Throughout history two of the most deadly addictions have been money and sex. In 21st century America, we have deified those desires, instead of warning against them. We must get a better handle on our insatiable hunger for material possessions. The phrase "retail therapy" tells us a great deal about who we are, and where our treasure is. We ignore the fact that while much of the world does not even have enough to eat, we spend fortunes on junk we do not need. And our culture shouts on every corner that sexual satisfaction is an untouchable right. And we also must get over the idea that lust isn’t a Christian problem. It is.

• A 2003 survey from Internet Filter Review reported that 47 percent of Christians admit pornography is a major problem in their homes.

• An internet survey conducted by Rick Warren of Saddleback Church in 2002 found 30 percent of 6,000 pastors had viewed internet porn in the last 30 days.

• A Christianity Today Leadership Survey in 2001 reported 37 percent of pastors have viewed internet porn.

The more control we give to desires, the more corrupting they become. Money and possessions are useful in themselves, but heavy baggage for life and terrible masters. Sex is a gift from God, but if we let it rule it is a totalitarian dictator. Desires are not bad in themselves. They are God-given assistants for living, but they need a Lord. Give them one.

Desires are deceitful and powerful, however.

Is life really different for Christians? Is conversion really possible? Can humans beings really turn aside from old habits of thought and action as easily as this passage might seem to imply? This is a fundamental question about the truth of Christianity, for if we can’t do so, Christian faith is meaningless, and no matter how enticing the promises, it is a con-job akin to the one the tailors in the old fairy-tale put over on the vain emperor when they promised him his new clothes.

But it is not a con. The answer is yes. Conversion is possible. Real help is available to effect real change. But we have to do our part. And it happens when we start choosing to listen to a different drummer. Now of course “Putting off” and “putting on” is not as easy as changing CD’s. The key is to get close enough to Jesus to share headphones. That’s sort of a modern adaptation of the famous verse, “Take my yoke upon you, and learn from me." [Ma 11:29] The point is closeness, and synchronized movement, and it involves both God’s initiative and human response. We put on what he has created.

If this “putting off’ and “putting on” is a one at baptism, why does Paul seem to imply his readers should do it again? Because the earphones aren’t nailed to our heads, we move around, they slip a little loose and the world’s noise tries to drown out the more subtle sounds of Jesus’ call. Or, to mix our metaphors yet again, the old being is drowned in baptism, but the old rascal can swim!

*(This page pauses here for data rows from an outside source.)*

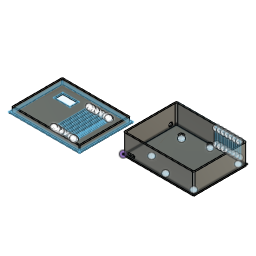
Enclosure temperature control box v10 (Autodesk Fusion 360 design; units mm, degrees)
Autodesk Fusion 360 part; units mm, degrees
sketch "Sketch1" plane through (0, 0, 0) normal (0, 0, 1) x (1, 0, 0)
  line L0 (0, 0) -> (110, 0)
  line L1 (110, 0) -> (110, 83)
  line L2 (110, 83) -> (0, 83)
  line L3 (0, 83) -> (0, 0)
  circle A0 centre (24.6, 66.3) radius 1.8
  circle A1 centre (24.6, 19.6) radius 1.8
  circle A2 centre (59.2, 6.8) radius 1.5
  circle A3 centre (103.2, 6.8) radius 1.5
  circle A4 centre (103.2, 76.2) radius 1.5
  circle A5 centre (59.2, 76.2) radius 1.5
  line L4 (2, 81) -> (108, 81)
  line L5 (108, 81) -> (108, 2)
  line L6 (108, 2) -> (2, 2)
  line L7 (2, 2) -> (2, 81)
  circle A6 centre (24.6, 66.3) radius 3.8
  circle A7 centre (24.6, 19.6) radius 3.8
  circle A8 centre (59.2, 76.2) radius 3.5
  circle A9 centre (103.2, 76.2) radius 3.5
  circle A10 centre (59.2, 6.8) radius 3.5
  circle A11 centre (103.2, 6.8) radius 3.5
  dimension "d1" = 110
  dimension "d2" = 83
  dimension "d10" = 3.6
  dimension "d13" = 3.6
  dimension "d16" = 3
  dimension "d19" = 3
  dimension "d22" = 3
  dimension "d25" = 3
  dimension "d28" = 106
  dimension "d29" = 79
  dimension "d30" = 2
  dimension "d31" = 2
  dimension "d40" = 7.6
  dimension "d41" = 7.6
  dimension "d42" = 7
  dimension "d43" = 7
  dimension "d44" = 7
  dimension "d45" = 7
  constraint horizontal L0
  constraint vertical L1
  constraint horizontal L2
  constraint vertical L3
  constraint coincident L0.start L3.end
  constraint horizontal L4
  constraint vertical L5
  constraint horizontal L6
  constraint vertical L7
  constraint concentric A0 A6
  constraint concentric A1 A7
  constraint concentric A5 A8
  constraint concentric A4 A9
  constraint concentric A2 A10
  constraint concentric A3 A11
  measures "d1" distance of L0.start L0.end
  measures "d2" distance of L0.start L2.end
  measures "d10" diameter of A0
  measures "d13" diameter of A1
  measures "d16" diameter of A2
  measures "d19" diameter of A3
  measures "d22" diameter of A4
  measures "d25" diameter of A5
  measures "d28" distance of L4.start L4.end
  measures "d29" distance of L4.start L6.end
  measures "d30" distance of L2 L4
  measures "d31" distance of L1 L5
  measures "d40" diameter of A6
  measures "d41" diameter of A7
  measures "d42" diameter of A8
  measures "d43" diameter of A9
  measures "d44" diameter of A10
  measures "d45" diameter of A11
extrude "Extrude4" add sketch "Sketch1" against normal blind 3 contours L0 L1 L2 L3 | A0 | A1 | A2 | A3 | A4 | A5 | L4 L5 L6 L7 | A6 | A7 | A8 | A9 | A10 | A11 makes body 1
extrude "Extrude5" add sketch "Sketch1" along normal blind 5 contours A6 | A7 | A8 | A9 | A10 | A11 bodies 1
extrude "Extrude6" add sketch "Sketch1" along normal blind 30 contours L0 L1 L2 L3 bodies 1
fillet "Fillet2" radius 2 4 edges at (110, 0, 13.5) (110, 83, 13.5) (0, 83, 13.5) (0, 0, 13.5) on bodies 1
fillet "Fillet3" radius 2 4 edges at (2, 2, 15) (108, 2, 15) (108, 81, 15) (2, 81, 15) on bodies 1
fillet "Fillet4" radius 1 8 edges at (109.4142, 82.4142, -3) (110, 41.5, -3) (109.4142, 0.5858, -3) (55, 0, -3) (0.5858, 0.5858, -3) (0, 41.5, -3) (0.5858, 82.4142, -3) (55, 83, -3) on bodies 1
sketch "Sketch2" plane through (0, 83, 0) normal (0, 1, 0) x (-1, 0, 0)
  line L0 (-108, -2) -> (-2, -2)
  line L1 (-2, -2) -> (-2, 30)
  line L2 (-2, 30) -> (-108, 30)
  line L3 (-108, 30) -> (-108, -2)
  line L4 (-97.0499, 25) -> (-97.0499, 3)
  line L5 (-100.0499, 3) -> (-100.0499, 25)
  arc A0 (-97.0499, 25) -> (-100.0499, 25) centre (-98.5499, 25) ccw
  arc A1 (-100.0499, 3) -> (-97.0499, 3) centre (-98.5499, 3) ccw
  line L6 (-94.0499, 3) -> (-94.0499, 25)
  line L7 (-91.0499, 25) -> (-91.0499, 3)
  arc A2 (-91.0499, 25) -> (-94.0499, 25) centre (-92.5499, 25) ccw
  arc A3 (-94.0499, 3) -> (-91.0499, 3) centre (-92.5499, 3) ccw
  line L8 (-88.0499, 3) -> (-88.0499, 25)
  line L9 (-85.0499, 25) -> (-85.0499, 3)
  arc A4 (-85.0499, 25) -> (-88.0499, 25) centre (-86.5499, 25) ccw
  arc A5 (-88.0499, 3) -> (-85.0499, 3) centre (-86.5499, 3) ccw
  line L10 (-82.0499, 3) -> (-82.0499, 25)
  line L11 (-79.0499, 25) -> (-79.0499, 3)
  arc A6 (-79.0499, 25) -> (-82.0499, 25) centre (-80.5499, 25) ccw
  arc A7 (-82.0499, 3) -> (-79.0499, 3) centre (-80.5499, 3) ccw
  line L12 (-76.0499, 3) -> (-76.0499, 25)
  line L13 (-73.0499, 25) -> (-73.0499, 3)
  arc A8 (-73.0499, 25) -> (-76.0499, 25) centre (-74.5499, 25) ccw
  arc A9 (-76.0499, 3) -> (-73.0499, 3) centre (-74.5499, 3) ccw
  line L14 (-70.0499, 3) -> (-70.0499, 25)
  line L15 (-67.0499, 25) -> (-67.0499, 3)
  arc A10 (-67.0499, 25) -> (-70.0499, 25) centre (-68.5499, 25) ccw
  arc A11 (-70.0499, 3) -> (-67.0499, 3) centre (-68.5499, 3) ccw
  line L16 (-64.0499, 3) -> (-64.0499, 25)
  line L17 (-61.0499, 25) -> (-61.0499, 3)
  arc A12 (-61.0499, 25) -> (-64.0499, 25) centre (-62.5499, 25) ccw
  arc A13 (-64.0499, 3) -> (-61.0499, 3) centre (-62.5499, 3) ccw
  dimension "d60" = 1.5
  dimension "d61" = 1.5
  dimension "d62" = 1.5
  dimension "d63" = 1.5
  dimension "d64" = 1.5
  dimension "d65" = 1.5
  dimension "d66" = 1.5
  dimension "d67" = 1.5
  dimension "d68" = 1.5
  dimension "d69" = 1.5
  dimension "d70" = 1.5
  dimension "d71" = 1.5
  dimension "d72" = 1.5
  dimension "d73" = 1.5
  dimension "d74" = 5
  dimension "d75" = 5
  dimension "d76" = 5
  dimension "d77" = 5
  dimension "d78" = 5
  dimension "d79" = 5
  dimension "d80" = 5
  dimension "d81" = 3
  dimension "d82" = 3
  dimension "d83" = 3
  dimension "d84" = 22
  dimension "d85" = 3
  dimension "d86" = 3
  dimension "d87" = 3
  constraint vertical L4
  constraint vertical L5
  constraint tangent L5 A0
  constraint tangent L4 A0
  constraint vertical L7
  constraint vertical L6
  constraint tangent L6 A2
  constraint tangent L7 A2
  constraint vertical L9
  constraint vertical L8
  constraint tangent L8 A4
  constraint tangent L9 A4
  constraint vertical L11
  constraint vertical L10
  constraint tangent L10 A6
  constraint tangent L11 A6
  constraint vertical L13
  constraint vertical L12
  constraint tangent L12 A8
  constraint tangent L13 A8
  constraint vertical L15
  constraint vertical L14
  constraint tangent L14 A10
  constraint tangent L15 A10
  constraint vertical L17
  constraint vertical L16
  constraint tangent L16 A12
  constraint tangent L17 A12
  measures "d60" radius of A0
  measures "d61" radius of A1
  measures "d62" radius of A2
  measures "d63" radius of A3
  measures "d64" radius of A4
  measures "d65" radius of A5
  measures "d66" radius of A6
  measures "d67" radius of A7
  measures "d68" radius of A8
  measures "d69" radius of A9
  measures "d70" radius of A10
  measures "d71" radius of A11
  measures "d72" radius of A12
  measures "d73" radius of A13
  measures "d74" distance of L2 A0.centre
  measures "d75" distance of L2 A2.centre
  measures "d76" distance of L2 A4.centre
  measures "d77" distance of L2 A6.centre
  measures "d78" distance of L2 A8.centre
  measures "d79" distance of L2 A10.centre
  measures "d80" distance of L2 A12.centre
  measures "d81" distance of L4 L6
  measures "d82" distance of L7 L8
  measures "d83" distance of L9 L10
  measures "d84" distance of L12.end L12.start
  measures "d85" distance of L11 L12
  measures "d86" distance of L13 L14
  measures "d87" distance of L15 L16
extrude "Extrude8" cut sketch "Sketch2" along normal mid plane 5.5 contours L4 L5 A0 A1 | L6 L7 A2 A3 | L8 L9 A4 A5 | L10 L11 A6 A7 | L12 L13 A8 A9 | L14 L15 A10 A11 | L16 L17 A12 A13 bodies 1
sketch "Sketch3" plane through (0, 0, 0) normal (0, 0, 1) x (1, 0, 0)
  line L0 (-146.1549, 50.841) -> (-36.1549, 50.841)
  line L1 (-36.1549, 50.841) -> (-36.1549, -32.159)
  line L2 (-36.1549, -32.159) -> (-146.1549, -32.159)
  line L3 (-146.1549, -32.159) -> (-146.1549, 50.841)
  line L4 (-144.1549, 48.841) -> (-38.1549, 48.841)
  line L5 (-38.1549, 48.841) -> (-38.1549, -30.159)
  line L6 (-38.1549, -30.159) -> (-144.1549, -30.159)
  line L7 (-144.1549, -30.159) -> (-144.1549, 48.841)
  line L8 (-142.1549, -28.159) -> (-40.1549, -28.159)
  line L9 (-40.1549, -28.159) -> (-40.1549, 46.841)
  line L10 (-40.1549, 46.841) -> (-142.1549, 46.841)
  line L11 (-142.1549, 46.841) -> (-142.1549, -28.159)
  line L12 (-60, -18.159) -> (-60, 36.841)
  arc A0 (-60, -18.159) -> (-56, -18.159) centre (-58, -18.159) ccw
  line L13 (-56, 36.841) -> (-56, -18.159)
  line L14 (-60, -18.159) -> (-60, 36.841)
  arc A1 (-56, 36.841) -> (-60, 36.841) centre (-58, 36.841) ccw
  arc A2 (-60, -18.159) -> (-56, -18.159) centre (-58, -18.159) ccw
  line L15 (-56, 36.841) -> (-56, -18.159)
  arc A3 (-56, 36.841) -> (-60, 36.841) centre (-58, 36.841) ccw
  arc A4 (-72.0861, -17.9826) -> (-68.0861, -17.9826) centre (-70.0861, -17.9826) ccw
  line L16 (-68.0861, 37.0174) -> (-68.0861, -17.9826)
  line L17 (-72.0861, -17.9826) -> (-72.0861, 37.0174)
  arc A5 (-68.0861, 37.0174) -> (-72.0861, 37.0174) centre (-70.0861, 37.0174) ccw
  arc A6 (-65.9979, -17.8944) -> (-61.9979, -17.8944) centre (-63.9979, -17.8944) ccw
  line L18 (-61.9979, 37.1056) -> (-61.9979, -17.8944)
  line L19 (-65.9979, -17.8944) -> (-65.9979, 37.1056)
  arc A7 (-61.9979, 37.1056) -> (-65.9979, 37.1056) centre (-63.9979, 37.1056) ccw
  arc A8 (-78.0818, -17.9826) -> (-74.0818, -17.9826) centre (-76.0818, -17.9826) ccw
  line L20 (-74.0818, 37.0174) -> (-74.0818, -17.9826)
  line L21 (-78.0818, -17.9826) -> (-78.0818, 37.0174)
  arc A9 (-74.0818, 37.0174) -> (-78.0818, 37.0174) centre (-76.0818, 37.0174) ccw
  line L22 (-60, -18.159) -> (-60, 36.841)
  line L23 (-80.3443, 36.9292) -> (-80.3443, -18.0708)
  line L24 (-84.3443, -18.0708) -> (-84.3443, 36.9292)
  arc A10 (-84.3443, -18.0708) -> (-80.3443, -18.0708) centre (-82.3443, -18.0708) ccw
  arc A11 (-80.3443, 36.9292) -> (-84.3443, 36.9292) centre (-82.3443, 36.9292) ccw
  line L25 (-86.5186, 37.0174) -> (-86.5186, -17.9826)
  line L26 (-90.5186, -17.9826) -> (-90.5186, 37.0174)
  arc A12 (-90.5186, -17.9826) -> (-86.5186, -17.9826) centre (-88.5186, -17.9826) ccw
  arc A13 (-86.5186, 37.0174) -> (-90.5186, 37.0174) centre (-88.5186, 37.0174) ccw
  line L27 (-129.9732, 35.4296) -> (-105.2732, 35.4296)
  line L28 (-105.2732, 35.4296) -> (-105.2732, 21.9296)
  line L29 (-105.2732, 21.9296) -> (-129.9732, 21.9296)
  line L30 (-129.9732, 21.9296) -> (-129.9732, 35.4296)
  dimension "d92" = 110
  dimension "d93" = 83
  dimension "d94" = 106
  dimension "d95" = 79
  dimension "d96" = 2
  dimension "d97" = 2
  dimension "d98" = 102
  dimension "d99" = 75
  dimension "d100" = 2
  dimension "d101" = 2
  dimension "d106" = 2
  dimension "d107" = 2
  dimension "d108" = 2
  dimension "d109" = 2
  dimension "d110" = 2
  dimension "d111" = 2
  dimension "d112" = 2
  dimension "d121" = 24.7
  dimension "d122" = 13.5
  constraint horizontal L0
  constraint vertical L1
  constraint horizontal L2
  constraint vertical L3
  constraint horizontal L4
  constraint vertical L5
  constraint horizontal L6
  constraint vertical L7
  constraint horizontal L8
  constraint vertical L9
  constraint horizontal L10
  constraint vertical L11
  constraint vertical L12
  constraint vertical L13
  constraint vertical L14
  constraint tangent L14 A1
  constraint tangent L13 A1
  constraint tangent A0 L14
  constraint tangent A0 L13
  constraint vertical L15
  constraint tangent L15 A3
  constraint tangent A2 L15
  constraint vertical L16
  constraint vertical L17
  constraint tangent L17 A5
  constraint tangent L16 A5
  constraint tangent A4 L17
  constraint tangent A4 L16
  constraint vertical L18
  constraint vertical L19
  constraint tangent L19 A7
  constraint tangent L18 A7
  constraint tangent A6 L19
  constraint tangent A6 L18
  constraint vertical L20
  constraint vertical L21
  constraint tangent L21 A9
  constraint tangent L20 A9
  constraint tangent A8 L21
  constraint tangent A8 L20
  constraint vertical L22
  constraint vertical L24
  constraint vertical L23
  constraint vertical L26
  constraint vertical L25
  constraint horizontal L27
  constraint vertical L28
  constraint horizontal L29
  constraint vertical L30
  measures "d92" distance of L0.start L0.end
  measures "d93" distance of L0.start L2.end
  measures "d94" distance of L4.start L4.end
  measures "d95" distance of L4.start L6.end
  measures "d96" distance of L0 L4
  measures "d97" distance of L3 L7
  measures "d98" distance of L8.start L8.end
  measures "d99" distance of L8.start L10.end
  measures "d100" distance of L4 L10
  measures "d101" distance of L7 L11
  measures "d106" radius of A1
  measures "d107" radius of A3
  measures "d108" radius of A5
  measures "d109" radius of A7
  measures "d110" radius of A9
  measures "d111" radius of A11
  measures "d112" radius of A13
  measures "d121" distance of L27.start L27.end
  measures "d122" distance of L27.start L29.end
extrude "Extrude9" add sketch "Sketch3" against normal blind 2 separate body contours L0 L1 L2 L3 | L4 L5 L6 L7 | L8 L9 L10 L11 | L27 L28 L29 L30 makes body 2
extrude "Extrude10" add sketch "Sketch3" along normal blind 7 contours L4 L5 L6 L7 bodies 2
fillet "Fillet5" radius 1 4 edges at (-91.1549, 50.841, -2) (-146.1549, 9.341, -2) (-91.1549, -32.159, -2) (-36.1549, 9.341, -2) on bodies 2
fillet "Fillet6" radius 1 4 edges at (-38.1549, -30.159, 3.5) (-144.1549, -30.159, 3.5) (-144.1549, 48.841, 3.5) (-38.1549, 48.841, 3.5) on bodies 2
extrude "Extrude11" cut sketch "Sketch3" along normal mid plane 6 contours L27 L28 L29 L30 bodies 2
sketch "Sketch4" plane through (0, 0, 0) normal (0, -1, 0) x (1, 0, 0)
  line L0 (2, -2) -> (108, -2)
  line L1 (108, -2) -> (108, 30)
  line L2 (108, 30) -> (2, 30)
  line L3 (2, 30) -> (2, -2)
  line L4 (9.4443, 6.4285) -> (16.0589, 6.4285)
  line L5 (16.0589, 2.4285) -> (9.4443, 2.4285)
  arc A0 (9.4443, 6.4285) -> (9.4443, 2.4285) centre (9.4443, 4.4285) ccw
  arc A1 (16.0589, 2.4285) -> (16.0589, 6.4285) centre (16.0589, 4.4285) ccw
  dimension "d127" = 2
  constraint horizontal L4
  constraint horizontal L5
  constraint tangent L4 A0
  constraint tangent L5 A0
  constraint tangent L4 A1
  constraint tangent L5 A1
  measures "d127" radius of A0
extrude "Extrude12" cut sketch "Sketch4" along normal mid plane 6 contours L4 L5 A0 A1 bodies 1
sketch "Sketch5" plane through (0, 0, 0) normal (-1, 0, 0) x (0, -1, 0)
  line L0 (-81, -2) -> (-2, -2)
  line L1 (-2, -2) -> (-2, 30)
  line L2 (-2, 30) -> (-81, 30)
  line L3 (-81, 30) -> (-81, -2)
  circle A0 centre (-72.1769, 4.9272) radius 3
  dimension "d130" = 6
  measures "d130" diameter of A0
extrude "Extrude13" cut sketch "Sketch5" along normal mid plane 6 contours A0 bodies 1
fillet "Fillet7" radius 1 4 edges at (-40.1549, 46.841, 3.5) (-40.1549, -28.159, 3.5) (-142.1549, 46.841, 3.5) (-142.1549, -28.159, 3.5) on bodies 2
extrude "Extrude7" [suppressed]
extrude "Extrude1" [suppressed]
extrude "Extrude2" [suppressed]
extrude "Extrude3" [suppressed]
fillet "Fillet1" [suppressed]

Scholar J. Armitage Robinson defines conversion as “the restructuring of a person’s thinking by the Holy Spirit as the result of a direct encounter with the love of God in the person of Christ.” And Paul puts it most succinctly, I think, in his letter to the Galatians: “it is no longer I who live, but it is Christ who lives in me. And the life I now live in the flesh I live by faith in the Son of God, who loved me and gave himself for me.” [Gal 2:20]

We really can “put off [our] old self ... and to clothe [ourselves] with the new.” [v. 24] But if we only clothe ourselves in the name, the world will see right through it - and through us. It’s one thing for us to be ridiculed by the world, as the townsfolk did to the emperor when he strutted in his imaginary finery. And we will be ridiculed - because God’s garments will never make the cover of Vogue or GQ. But it’s quite another thing to let Jesus Christ be ridiculed because of us. Let’s make sure that when we put on the name of Christ, we put on the whole ensemble.